Exercise: Which lines in the records below mention the word "side"? Copy each one out.

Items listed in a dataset
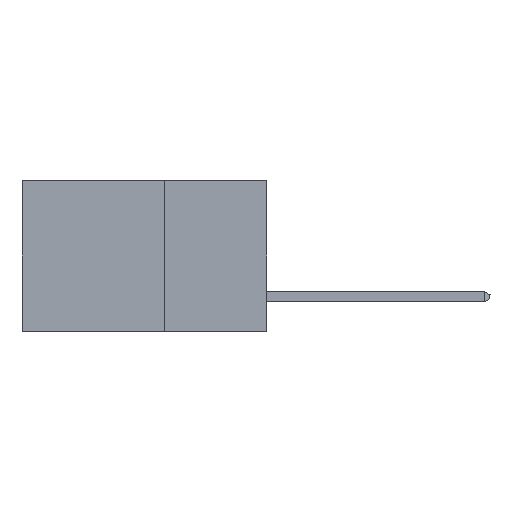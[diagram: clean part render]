
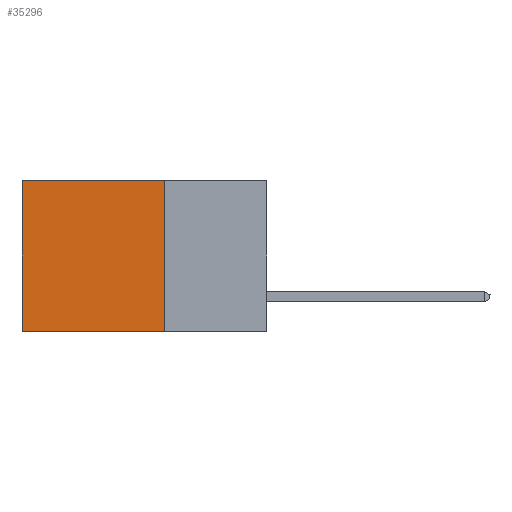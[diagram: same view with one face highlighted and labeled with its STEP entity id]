
A CAD part, left-side view. The second image highlights one B-rep face of the part: STEP entity #35296.
In plain terms, the highlighted planar face has unit normal (-1, 0, 0).
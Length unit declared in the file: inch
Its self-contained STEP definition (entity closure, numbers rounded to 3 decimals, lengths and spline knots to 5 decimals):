
#1164 = ORIENTED_EDGE ( 'NONE', *, *, #22088, .T. ) ;
#1168 = ORIENTED_EDGE ( 'NONE', *, *, #21784, .F. ) ;
#2295 = VECTOR ( 'NONE', #30634, 39.37008 ) ;
#3270 = CARTESIAN_POINT ( 'NONE',  ( 0.2875, 0.25, 0. ) ) ;
#3606 = LINE ( 'NONE', #28216, #23265 ) ;
#4734 = EDGE_CURVE ( 'NONE', #8342, #15879, #16872, .T. ) ;
#4803 = AXIS2_PLACEMENT_3D ( 'NONE', #3270, #22574, #20218 ) ;
#7835 = VERTEX_POINT ( 'NONE', #34484 ) ;
#8342 = VERTEX_POINT ( 'NONE', #27140 ) ;
#8656 = EDGE_LOOP ( 'NONE', ( #26857, #1168, #10199, #1164 ) ) ;
#9926 = DIRECTION ( 'NONE',  ( 0., 1., 0. ) ) ;
#10199 = ORIENTED_EDGE ( 'NONE', *, *, #35257, .F. ) ;
#13257 = CARTESIAN_POINT ( 'NONE',  ( 0.2875, 0.25, -0.37 ) ) ;
#14116 = DIRECTION ( 'NONE',  ( 0., 0., -1. ) ) ;
#15879 = VERTEX_POINT ( 'NONE', #25074 ) ;
#16872 = LINE ( 'NONE', #25196, #2295 ) ;
#18596 = CARTESIAN_POINT ( 'NONE',  ( 0.2875, 0.25, 0. ) ) ;
#18676 = CARTESIAN_POINT ( 'NONE',  ( 0.2875, 0.25, 0. ) ) ;
#20218 = DIRECTION ( 'NONE',  ( 0., 0., -1. ) ) ;
#21784 = EDGE_CURVE ( 'NONE', #7835, #15879, #22080, .T. ) ;
#22080 = LINE ( 'NONE', #13257, #30229 ) ;
#22088 = EDGE_CURVE ( 'NONE', #23858, #8342, #24205, .T. ) ;
#22574 = DIRECTION ( 'NONE',  ( 1., 0., 0. ) ) ;
#23265 = VECTOR ( 'NONE', #14116, 39.37008 ) ;
#23858 = VERTEX_POINT ( 'NONE', #18676 ) ;
#24205 = LINE ( 'NONE', #18596, #34295 ) ;
#25074 = CARTESIAN_POINT ( 'NONE',  ( 0.2875, 0.6, -0.37 ) ) ;
#25196 = CARTESIAN_POINT ( 'NONE',  ( 0.2875, 0.6, 0. ) ) ;
#25316 = PLANE ( 'NONE',  #4803 ) ;
#26857 = ORIENTED_EDGE ( 'NONE', *, *, #4734, .T. ) ;
#27140 = CARTESIAN_POINT ( 'NONE',  ( 0.2875, 0.6, 0. ) ) ;
#28044 = FACE_OUTER_BOUND ( 'NONE', #8656, .T. ) ;
#28216 = CARTESIAN_POINT ( 'NONE',  ( 0.2875, 0.25, 0. ) ) ;
#30229 = VECTOR ( 'NONE', #35532, 39.37008 ) ;
#30634 = DIRECTION ( 'NONE',  ( 0., 0., -1. ) ) ;
#34295 = VECTOR ( 'NONE', #9926, 39.37008 ) ;
#34484 = CARTESIAN_POINT ( 'NONE',  ( 0.2875, 0.25, -0.37 ) ) ;
#35257 = EDGE_CURVE ( 'NONE', #23858, #7835, #3606, .T. ) ;
#35296 = ADVANCED_FACE ( 'NONE', ( #28044 ), #25316, .F. ) ;
#35532 = DIRECTION ( 'NONE',  ( 0., 1., 0. ) ) ;
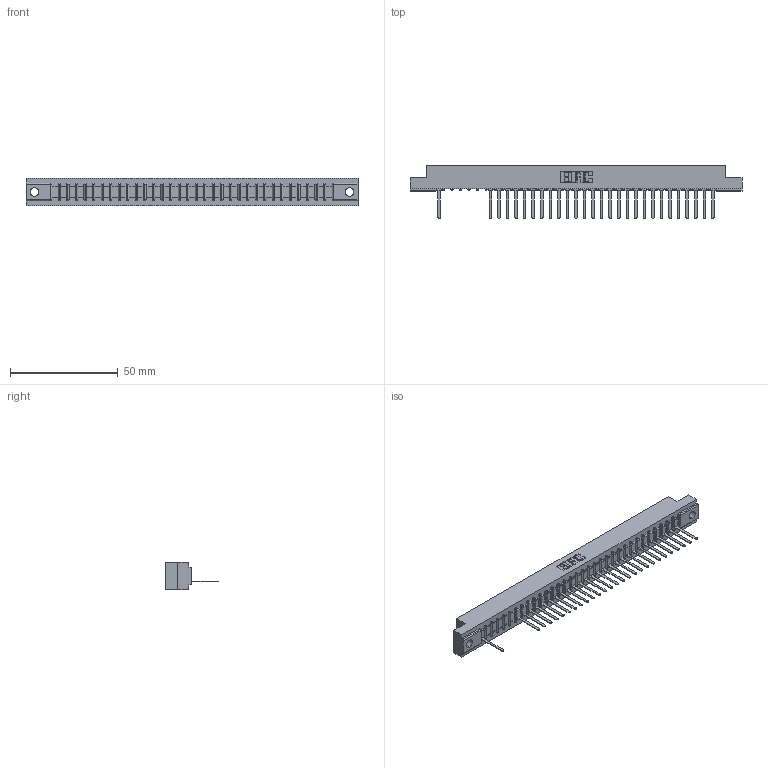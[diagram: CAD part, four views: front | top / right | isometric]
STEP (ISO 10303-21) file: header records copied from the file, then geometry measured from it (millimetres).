
FILE_DESCRIPTION (( 'STEP AP203' ), '1' );
FILE_NAME ('357-033-541-104.STEP', '2018-08-10T01:29:21', ( '' ), ( '' ), 'SwSTEP 2.0', 'SolidWorks 2016', '' );
FILE_SCHEMA (( 'CONFIG_CONTROL_DESIGN' ));
Length unit declared in the file: inch
Products named in the file (3): 307 Part_.156 Dia Mounting Holes; 307-290-002_541; 357-033-541-104
Assembly tree (29 placements, depth 2):
  357-033-541-104
    307 Part_.156 Dia Mounting Holes
    307-290-002_541  x28
Bounding box: 153.77 x 24.59 x 12.7 mm (x, y, z)
Volume: 16216.8 mm3; surface area: 19610.9 mm2
Topology: 29 solids, 29 shells, 2338 faces, 7175 edges, 4690 vertices
Faces by surface type: plane 1404, cylinder 866, sphere 68
Entity records: 30376 total; most frequent: CARTESIAN_POINT 5149, ORIENTED_EDGE 5142, DIRECTION 4993, EDGE_CURVE 2571, VECTOR 1973, LINE 1973, VERTEX_POINT 1666, AXIS2_PLACEMENT_3D 1510
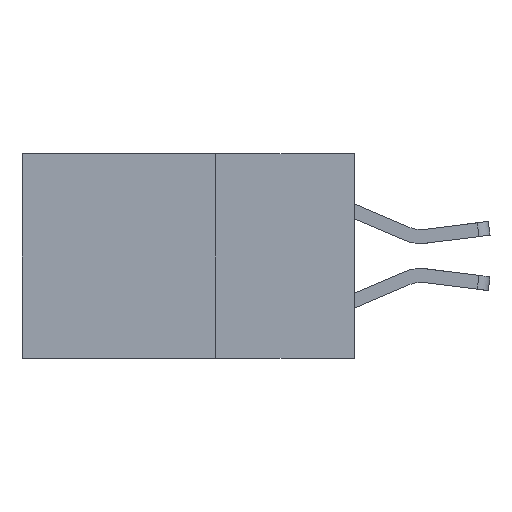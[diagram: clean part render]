
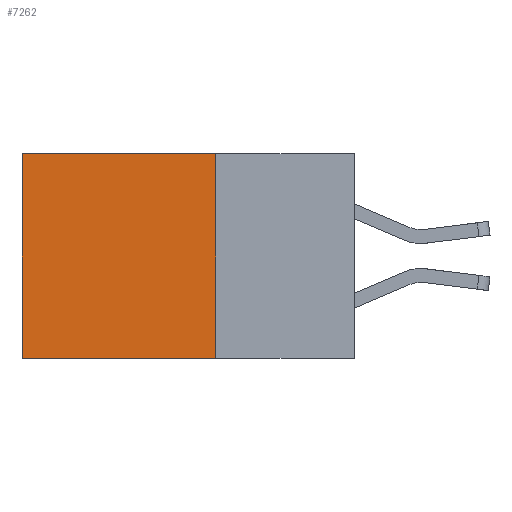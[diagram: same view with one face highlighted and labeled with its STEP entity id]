
A CAD part, left-side view. The second image highlights one B-rep face of the part: STEP entity #7262.
In plain terms, the highlighted planar face has unit normal (-1, 0, 0).
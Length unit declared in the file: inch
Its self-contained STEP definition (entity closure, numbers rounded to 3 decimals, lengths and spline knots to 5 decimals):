
#86 = DIRECTION ( 'NONE',  ( 0., 0., -1. ) ) ;
#331 = FACE_OUTER_BOUND ( 'NONE', #5466, .T. ) ;
#478 = VECTOR ( 'NONE', #1096, 39.37008 ) ;
#531 = VECTOR ( 'NONE', #1424, 39.37008 ) ;
#552 = EDGE_CURVE ( 'NONE', #4916, #6606, #2790, .T. ) ;
#831 = CARTESIAN_POINT ( 'NONE',  ( 0.2615, 0.6, -0.37 ) ) ;
#872 = CARTESIAN_POINT ( 'NONE',  ( 0.2615, 0.25, 0. ) ) ;
#894 = CARTESIAN_POINT ( 'NONE',  ( 0.2615, 0.6, -0.37 ) ) ;
#1081 = DIRECTION ( 'NONE',  ( 0., 0., -1. ) ) ;
#1096 = DIRECTION ( 'NONE',  ( 0., 1., 0. ) ) ;
#1424 = DIRECTION ( 'NONE',  ( 0., 1., 0. ) ) ;
#1474 = LINE ( 'NONE', #1525, #531 ) ;
#1525 = CARTESIAN_POINT ( 'NONE',  ( 0.2615, 0.25, 0. ) ) ;
#1818 = ORIENTED_EDGE ( 'NONE', *, *, #5150, .F. ) ;
#2462 = VERTEX_POINT ( 'NONE', #3869 ) ;
#2478 = VERTEX_POINT ( 'NONE', #872 ) ;
#2625 = ORIENTED_EDGE ( 'NONE', *, *, #4231, .T. ) ;
#2790 = LINE ( 'NONE', #8100, #478 ) ;
#3731 = CARTESIAN_POINT ( 'NONE',  ( 0.2615, 0.25, -0.37 ) ) ;
#3869 = CARTESIAN_POINT ( 'NONE',  ( 0.2615, 0.6, 0. ) ) ;
#4231 = EDGE_CURVE ( 'NONE', #2478, #2462, #1474, .T. ) ;
#4487 = LINE ( 'NONE', #3731, #7375 ) ;
#4587 = DIRECTION ( 'NONE',  ( 0., 0., -1. ) ) ;
#4916 = VERTEX_POINT ( 'NONE', #5741 ) ;
#5026 = ORIENTED_EDGE ( 'NONE', *, *, #7152, .T. ) ;
#5150 = EDGE_CURVE ( 'NONE', #2478, #4916, #4487, .T. ) ;
#5255 = ORIENTED_EDGE ( 'NONE', *, *, #552, .F. ) ;
#5466 = EDGE_LOOP ( 'NONE', ( #5026, #5255, #1818, #2625 ) ) ;
#5741 = CARTESIAN_POINT ( 'NONE',  ( 0.2615, 0.25, -0.37 ) ) ;
#6606 = VERTEX_POINT ( 'NONE', #894 ) ;
#6931 = AXIS2_PLACEMENT_3D ( 'NONE', #8783, #8737, #1081 ) ;
#6976 = LINE ( 'NONE', #831, #9336 ) ;
#7152 = EDGE_CURVE ( 'NONE', #2462, #6606, #6976, .T. ) ;
#7262 = ADVANCED_FACE ( 'NONE', ( #331 ), #7937, .F. ) ;
#7375 = VECTOR ( 'NONE', #4587, 39.37008 ) ;
#7937 = PLANE ( 'NONE',  #6931 ) ;
#8100 = CARTESIAN_POINT ( 'NONE',  ( 0.2615, 0.25, -0.37 ) ) ;
#8737 = DIRECTION ( 'NONE',  ( 1., 0., 0. ) ) ;
#8783 = CARTESIAN_POINT ( 'NONE',  ( 0.2615, 0.25, -0.37 ) ) ;
#9336 = VECTOR ( 'NONE', #86, 39.37008 ) ;
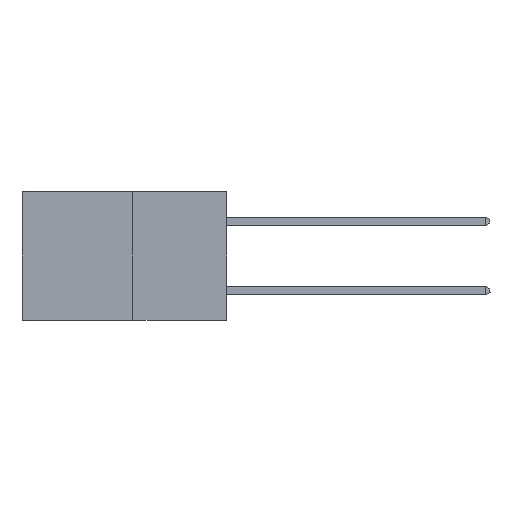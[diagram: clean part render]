
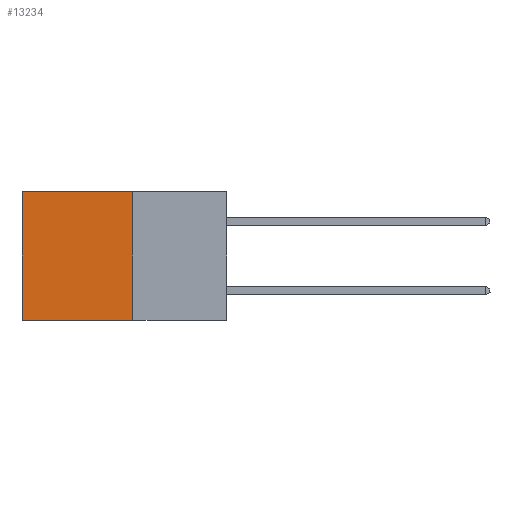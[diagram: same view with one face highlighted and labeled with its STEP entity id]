
A CAD part, left-side view. The second image highlights one B-rep face of the part: STEP entity #13234.
In plain terms, the highlighted planar face has unit normal (-1, 0, 0).
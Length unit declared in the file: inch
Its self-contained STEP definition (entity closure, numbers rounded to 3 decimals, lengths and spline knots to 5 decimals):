
#64 = CARTESIAN_POINT ( 'NONE',  ( 0.277, 0.59, 0. ) ) ;
#939 = VECTOR ( 'NONE', #9394, 39.37008 ) ;
#1447 = DIRECTION ( 'NONE',  ( 1., 0., 0. ) ) ;
#1769 = DIRECTION ( 'NONE',  ( 0., 1., 0. ) ) ;
#1881 = ORIENTED_EDGE ( 'NONE', *, *, #11305, .T. ) ;
#2304 = CARTESIAN_POINT ( 'NONE',  ( 0.277, 0.27, -0.37 ) ) ;
#2335 = CARTESIAN_POINT ( 'NONE',  ( 0.277, 0.27, 0. ) ) ;
#3818 = CARTESIAN_POINT ( 'NONE',  ( 0.277, 0.59, -0.37 ) ) ;
#3820 = VECTOR ( 'NONE', #10610, 39.37008 ) ;
#4178 = CARTESIAN_POINT ( 'NONE',  ( 0.277, 0.27, -0.37 ) ) ;
#4497 = ORIENTED_EDGE ( 'NONE', *, *, #7975, .T. ) ;
#4594 = VERTEX_POINT ( 'NONE', #9697 ) ;
#5030 = DIRECTION ( 'NONE',  ( 0., 0., -1. ) ) ;
#5648 = VERTEX_POINT ( 'NONE', #64 ) ;
#6237 = CARTESIAN_POINT ( 'NONE',  ( 0.277, 0.27, -0.37 ) ) ;
#6637 = EDGE_LOOP ( 'NONE', ( #4497, #12955, #13691, #1881 ) ) ;
#6737 = AXIS2_PLACEMENT_3D ( 'NONE', #6237, #1447, #9748 ) ;
#6771 = CARTESIAN_POINT ( 'NONE',  ( 0.277, 0.59, -0.37 ) ) ;
#7320 = LINE ( 'NONE', #2304, #939 ) ;
#7474 = LINE ( 'NONE', #3818, #7836 ) ;
#7836 = VECTOR ( 'NONE', #5030, 39.37008 ) ;
#7975 = EDGE_CURVE ( 'NONE', #5648, #14213, #7474, .T. ) ;
#8580 = PLANE ( 'NONE',  #6737 ) ;
#9394 = DIRECTION ( 'NONE',  ( 0., 0., -1. ) ) ;
#9697 = CARTESIAN_POINT ( 'NONE',  ( 0.277, 0.27, 0. ) ) ;
#9748 = DIRECTION ( 'NONE',  ( 0., 0., -1. ) ) ;
#10610 = DIRECTION ( 'NONE',  ( 0., 1., 0. ) ) ;
#10976 = FACE_OUTER_BOUND ( 'NONE', #6637, .T. ) ;
#11305 = EDGE_CURVE ( 'NONE', #4594, #5648, #13207, .T. ) ;
#11719 = LINE ( 'NONE', #4178, #14442 ) ;
#12291 = EDGE_CURVE ( 'NONE', #14337, #14213, #11719, .T. ) ;
#12955 = ORIENTED_EDGE ( 'NONE', *, *, #12291, .F. ) ;
#13052 = EDGE_CURVE ( 'NONE', #4594, #14337, #7320, .T. ) ;
#13207 = LINE ( 'NONE', #2335, #3820 ) ;
#13234 = ADVANCED_FACE ( 'NONE', ( #10976 ), #8580, .F. ) ;
#13691 = ORIENTED_EDGE ( 'NONE', *, *, #13052, .F. ) ;
#14213 = VERTEX_POINT ( 'NONE', #6771 ) ;
#14337 = VERTEX_POINT ( 'NONE', #15113 ) ;
#14442 = VECTOR ( 'NONE', #1769, 39.37008 ) ;
#15113 = CARTESIAN_POINT ( 'NONE',  ( 0.277, 0.27, -0.37 ) ) ;

Worked solution:
A CAD part, left-side view. The second image highlights one B-rep face of the part: STEP entity #35296.
A CAD part, left-side view. The second image highlights one B-rep face of the part: STEP entity #7262.
A CAD part, left-side view. The second image highlights one B-rep face of the part: STEP entity #13234.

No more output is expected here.